If you’ve been reading my blog or my books for very long, you know I have concerns about both the past and the future of the romance genre. I don’t like where romance is now. I think in today’s world we as romance authors need to be promoting more positive themes than are all too often featured in many of today’s romances. We need to move away from tropes that can be harmful to women, refuse to romanticize what shouldn’t be glorified. Today’s woman grows ever stronger and more independent. Our literature should reflect that.

With that in mind, and with a thank you to fellow writer Jennifer Macaire for inspiring this column with a Facebook discussion, I want to address the heroes of our romances. We insist on calling them alpha or beta. But is that really fair, either? Have you ever really met a truly alpha male? I imagine he’d be built like 1980s Arnold Schwarzenegger, have the grooming habits of Bradley Cooper (uh-huh, sounding good, right?)…and the attitude of Donald Trump (that went bad real fast). He’d fool around without care for your feelings. He’d take what he wanted (or what he could get) and figure you liked it. The entire world would center around him.

Now tell me you wouldn’t punch that guy in the face rather than look at him.
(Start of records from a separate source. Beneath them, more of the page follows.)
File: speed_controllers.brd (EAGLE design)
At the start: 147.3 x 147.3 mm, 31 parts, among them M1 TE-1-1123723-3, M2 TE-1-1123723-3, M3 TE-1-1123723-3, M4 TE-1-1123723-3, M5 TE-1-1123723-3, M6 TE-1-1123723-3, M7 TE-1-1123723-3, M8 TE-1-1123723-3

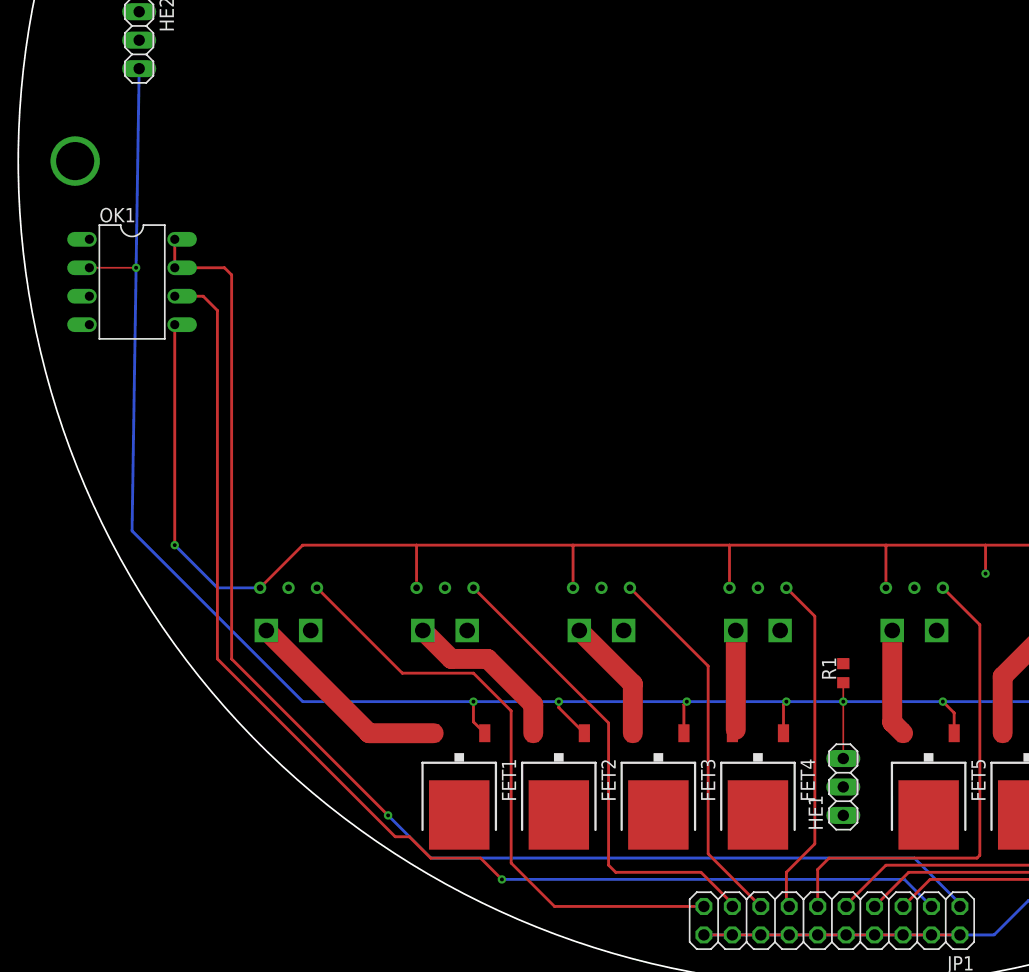
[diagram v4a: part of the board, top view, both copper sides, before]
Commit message: Changed optocoupler to SMD
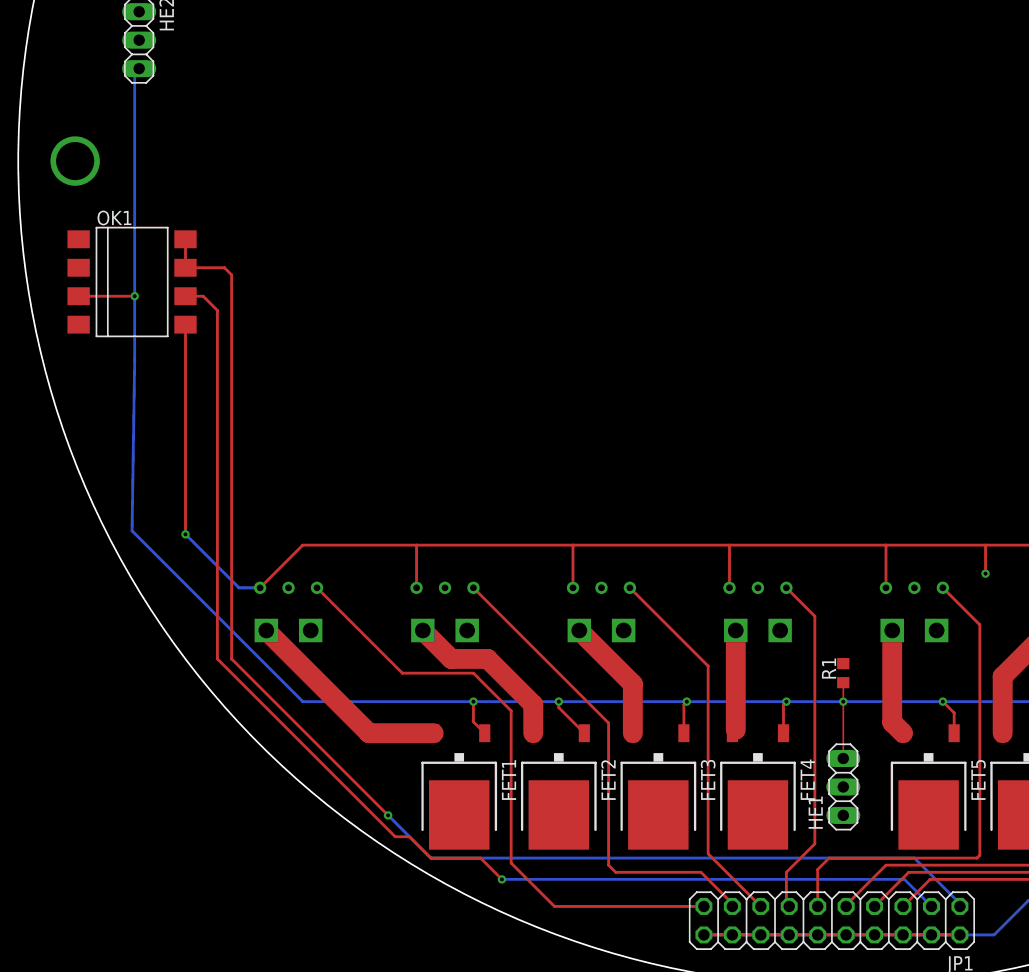
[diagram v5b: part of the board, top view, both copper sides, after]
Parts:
- OK1: value 6N137 -> 6N137SMD; device auv:DIL08 -> auv:DIL8-SMD
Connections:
- net FET_G: now also OK1.3; no longer OK1.2
- net GND: no longer OK1.3
- net VCC: now also OK1.2
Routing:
- net PWM_GND: track 258.0 -> 256.5 mm
- net FET_G: track 240.6 -> 241.6 mm
- net N$5: track 108.4 -> 107.4 mm
- net N$4: track 116.5 -> 115.5 mm
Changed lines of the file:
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@@
 <element name="HE3" library="auv" package="1X03" value="" x="60.96" y="-7.62" rot="R270"/>
 <element name="R1" library="auv" package="R0603" value="" x="0" y="-45.72" rot="R90"/>
-<element name="OK1" library="auv" package="DIL08" value="6N137" x="-63.5" y="-10.795" rot="R270">
-<attribute name="MF" value="" x="-63.5" y="-10.795" size="1.778" layer="27" rot="R270" display="off"/>
-<attribute name="MPN" value="6N137" x="-63.5" y="-10.795" size="1.778" layer="27" rot="R270" display="off"/>
-<attribute name="OC_FARNELL" value="1328376" x="-63.5" y="-10.795" size="1.778" layer="27" rot="R270" display="off"/>
-<attribute name="OC_NEWARK" value="52M1895" x="-63.5" y="-10.795" size="1.778" layer="27" rot="R270" display="off"/>
-</element>
 <element name="JP1" library="auv" package="2X10" value="" x="-1.016" y="-67.818" rot="R180"/>
+<element name="OK1" library="auv" package="DIL8-SMD" value="6N137SMD" x="-63.5" y="-10.795" rot="R270"/>
 </elements>
 <signals>
@@
 <contactref element="HE2" pad="2"/>
 <contactref element="HE3" pad="2"/>
-<contactref element="OK1" pad="3"/>
 </signal>
 <signal name="VCC">
@@
 <contactref element="HE3" pad="1"/>
 <contactref element="R1" pad="2"/>
+<contactref element="OK1" pad="2"/>
 </signal>
 <signal name="FET_G">
@@
 <wire x1="0" y1="-46.57" x2="0" y2="-48.26" width="0.1524" layer="1"/>
 <wire x1="0" y1="-48.26" x2="0" y2="-53.34" width="0.1524" layer="1"/>
-<wire x1="-62.865" y1="8.255" x2="-63.138475" y2="-9.52079375" width="0.254" layer="16"/>
-<wire x1="-63.138475" y1="-9.52079375" x2="-63.5" y2="-33.02" width="0.254" layer="16"/>
+<wire x1="-63.5" y1="-33.02" x2="-63.37303125" y2="-24.766953125" width="0.254" layer="16"/>
+<wire x1="-63.37303125" y1="-24.766953125" x2="-63.26559375" y2="-17.78360625" width="0.254" layer="16"/>
 <wire x1="-63.5" y1="-33.02" x2="-48.26" y2="-48.26" width="0.254" layer="16"/>
 <wire x1="-48.26" y1="-48.26" x2="-33.02" y2="-48.26" width="0.254" layer="16"/>
@@
 <wire x1="50.8" y1="-48.26" x2="60.96" y2="-38.1" width="0.254" layer="1"/>
 <wire x1="60.96" y1="-38.1" x2="60.96" y2="-10.16" width="0.254" layer="1"/>
-<contactref element="OK1" pad="2"/>
-<wire x1="-67.31" y1="-9.525" x2="-63.14268125" y2="-9.525" width="0.1524" layer="1"/>
-<wire x1="-63.14268125" y1="-9.525" x2="-63.138475" y2="-9.52079375" width="0.1524" layer="1"/>
-<via x="-63.138475" y="-9.52079375" extent="1-16" drill="0.35"/>
+<contactref element="OK1" pad="3"/>
+<wire x1="-63.26559375" y1="-17.78360625" x2="-63.26559375" y2="-12.065" width="0.254" layer="16"/>
+<wire x1="-63.26559375" y1="-12.065" x2="-63.26559375" y2="7.85440625" width="0.254" layer="16"/>
+<wire x1="-63.26559375" y1="7.85440625" x2="-62.865" y2="8.255" width="0.254" layer="16"/>
+<wire x1="-68.27" y1="-12.065" x2="-63.26559375" y2="-12.065" width="0.254" layer="1"/>
+<via x="-63.26559375" y="-12.065" extent="1-16" drill="0.35"/>
 </signal>
 <signal name="PWM_GND">
@@
 <contactref element="JP1" pad="18"/>
 <contactref element="JP1" pad="20"/>
-<contactref element="OK1" pad="5"/>
 <wire x1="10.414" y1="-69.088" x2="13.462" y2="-69.088" width="0.254" layer="16"/>
 <wire x1="13.462" y1="-69.088" x2="16.51" y2="-66.04" width="0.254" layer="16"/>
 <wire x1="10.414" y1="-69.088" x2="-12.446" y2="-69.088" width="0.254" layer="16"/>
-<wire x1="-59.69" y1="-14.605" x2="-59.69" y2="-34.29" width="0.254" layer="1"/>
-<via x="-59.69" y="-34.29" extent="1-16" drill="0.35"/>
-<wire x1="-59.69" y1="-34.29" x2="-55.88" y2="-38.1" width="0.254" layer="16"/>
-<wire x1="-55.88" y1="-38.1" x2="-52.07" y2="-38.1" width="0.254" layer="16"/>
 <wire x1="-12.446" y1="-69.088" x2="-9.906" y2="-69.088" width="0.254" layer="1"/>
 <wire x1="-9.906" y1="-69.088" x2="-7.366" y2="-69.088" width="0.254" layer="1"/>
@@
 <wire x1="5.334" y1="-69.088" x2="7.874" y2="-69.088" width="0.254" layer="1"/>
 <wire x1="7.874" y1="-69.088" x2="10.414" y2="-69.088" width="0.254" layer="1"/>
+<contactref element="OK1" pad="5"/>
+<wire x1="-58.73" y1="-14.605" x2="-58.73" y2="-33.33" width="0.254" layer="1"/>
+<via x="-58.73" y="-33.33" extent="1-16" drill="0.35"/>
+<wire x1="-58.73" y1="-33.33" x2="-53.96" y2="-38.1" width="0.254" layer="16"/>
+<wire x1="-53.96" y1="-38.1" x2="-52.07" y2="-38.1" width="0.254" layer="16"/>
 </signal>
 <signal name="VIN_7">
@@
 </signal>
 <signal name="N$4">
-<contactref element="OK1" pad="7"/>
-<contactref element="OK1" pad="8"/>
 <contactref element="JP1" pad="1"/>
-<wire x1="-59.69" y1="-6.985" x2="-59.69" y2="-9.525" width="0.254" layer="1"/>
-<wire x1="-59.69" y1="-9.525" x2="-55.245" y2="-9.525" width="0.254" layer="1"/>
-<wire x1="-55.245" y1="-9.525" x2="-54.61" y2="-10.16" width="0.254" layer="1"/>
+<wire x1="-54.61" y1="-10.16" x2="-55.245" y2="-9.525" width="0.254" layer="1"/>
 <wire x1="-54.61" y1="-10.16" x2="-54.61" y2="-44.45" width="0.254" layer="1"/>
 <via x="-40.64" y="-58.42" extent="1-16" drill="0.35"/>
-<wire x1="6.985" y1="-62.865" x2="10.414" y2="-66.294" width="0.254" layer="16"/>
+<wire x1="6.35" y1="-62.23" x2="10.414" y2="-66.294" width="0.254" layer="16"/>
 <wire x1="10.414" y1="-66.294" x2="10.414" y2="-66.548" width="0.254" layer="16"/>
 <wire x1="-54.61" y1="-44.45" x2="-40.64" y2="-58.42" width="0.254" layer="1"/>
-<wire x1="-40.64" y1="-58.42" x2="-38.735" y2="-60.325" width="0.254" layer="16"/>
-<wire x1="-38.735" y1="-60.325" x2="-36.83" y2="-62.23" width="0.254" layer="16"/>
-<wire x1="6.35" y1="-62.23" x2="6.985" y2="-62.865" width="0.254" layer="16"/>
+<wire x1="-40.64" y1="-58.42" x2="-36.83" y2="-62.23" width="0.254" layer="16"/>
 <wire x1="-36.83" y1="-62.23" x2="6.35" y2="-62.23" width="0.254" layer="16"/>
+<contactref element="OK1" pad="8"/>
+<contactref element="OK1" pad="7"/>
+<wire x1="-55.245" y1="-9.525" x2="-58.73" y2="-9.525" width="0.254" layer="1"/>
+<wire x1="-58.73" y1="-9.525" x2="-58.73" y2="-6.985" width="0.254" layer="1"/>
 </signal>
 <signal name="N$5">
-<contactref element="OK1" pad="6"/>
 <contactref element="JP1" pad="3"/>
 <wire x1="7.874" y1="-66.548" x2="5.461" y2="-64.135" width="0.254" layer="16"/>
@@
 <via x="-30.48" y="-64.135" extent="1-16" drill="0.35"/>
 <wire x1="-40.005" y1="-60.325" x2="-55.88" y2="-44.45" width="0.254" layer="1"/>
-<wire x1="-55.88" y1="-44.45" x2="-55.88" y2="-13.335" width="0.254" layer="1"/>
-<wire x1="-55.88" y1="-13.335" x2="-57.15" y2="-12.065" width="0.254" layer="1"/>
-<wire x1="-57.15" y1="-12.065" x2="-59.69" y2="-12.065" width="0.254" layer="1"/>
+<wire x1="-55.88" y1="-13.335" x2="-55.88" y2="-44.45" width="0.254" layer="1"/>
 <wire x1="-38.735" y1="-60.325" x2="-40.005" y2="-60.325" width="0.254" layer="1"/>
 <wire x1="-32.385" y1="-62.23" x2="-36.83" y2="-62.23" width="0.254" layer="1"/>
 <wire x1="-36.83" y1="-62.23" x2="-38.735" y2="-60.325" width="0.254" layer="1"/>
 <wire x1="-30.48" y1="-64.135" x2="-32.385" y2="-62.23" width="0.254" layer="1"/>
+<contactref element="OK1" pad="6"/>
+<wire x1="-58.73" y1="-12.065" x2="-57.15" y2="-12.065" width="0.254" layer="1"/>
+<wire x1="-57.15" y1="-12.065" x2="-55.88" y2="-13.335" width="0.254" layer="1"/>
 </signal>
 </signals>

So alphas are out. They suck. Other than their confidence and good looks, anyway. Which leaves us with betas. Now beta males, they’re something special. They are sweet and kind and considerate. They commit wholeheartedly to their relationships. They bring you flowers and write you poetry. They can be good-looking and nicely groomed, too, but they’re not as concerned about appearances. They have a great sense of humor. A full-on beta male would be a total dreamboat, right? Except maybe a little too attached to his mom. And his sister. Because beta males usually have very strong women in their lives, and they might not be able to do anything without the approval of those females.

Add that to the protective attitudes mom and sis have for their boy and you might not want to stick it out. Even if the poetry is good.

My point is, a full alpha or a full beta male is not going to be super attractive, at least not in the long run. And romance is about happily-ever-after, right? So a really good romance hero tends to be a mix of the two. Alpha confidence and looks, beta manners and kindness. And looks. This is fantasy, after all. You might as well have the whole package.

Thoughts and Reviews

I do a lot of thinking. Some might say too much. I’ve been thinking a lot recently in light of the Time’s Up movement in Hollywood and around the nation about how my genre of writing needs to evolve—if at all.

I’m a romantic who’s been blessed in the love and family department. It’s not always easy to see life from the viewpoint of the victimized when you live in a safe bubble. I’ve never really needed to be feminist, though I’ve had my own small #metoo moments. Still, I’ve been wondering…how do I as a romance writer make this situation better? How can I write about the flirtation and romance between men and women when so much negativity is associated with such flirtation and romance crossing a line into something much darker?

I’ve always tried to write strong female characters and caring male characters, but I’ve never considered how their romantic interactions could read to someone who has been victimized. Consider the pirate scene in Movie Magic, for instance. Or the scene in Secrets of the Lotus where the rich guy just chooses a woman at random to kiss at midnight on New Year’s Eve. In Winter Solstice, the two main characters are co-workers. Island Magic is basically about a kidnapping—a good-natured and necessary one, but still. In almost every one of my books, looking back, there is something that might be frowned upon by a feminist or trigger a victim. The only one of my books with a real feminist as a heroine is Escape Magic, which I wrote in response to my disgust over 50 Shades of Grey.

I haven’t solved this romance/feminism quandary, by the way. I’m keeping it in mind in my writing, however, so it’s most likely going to show up eventually.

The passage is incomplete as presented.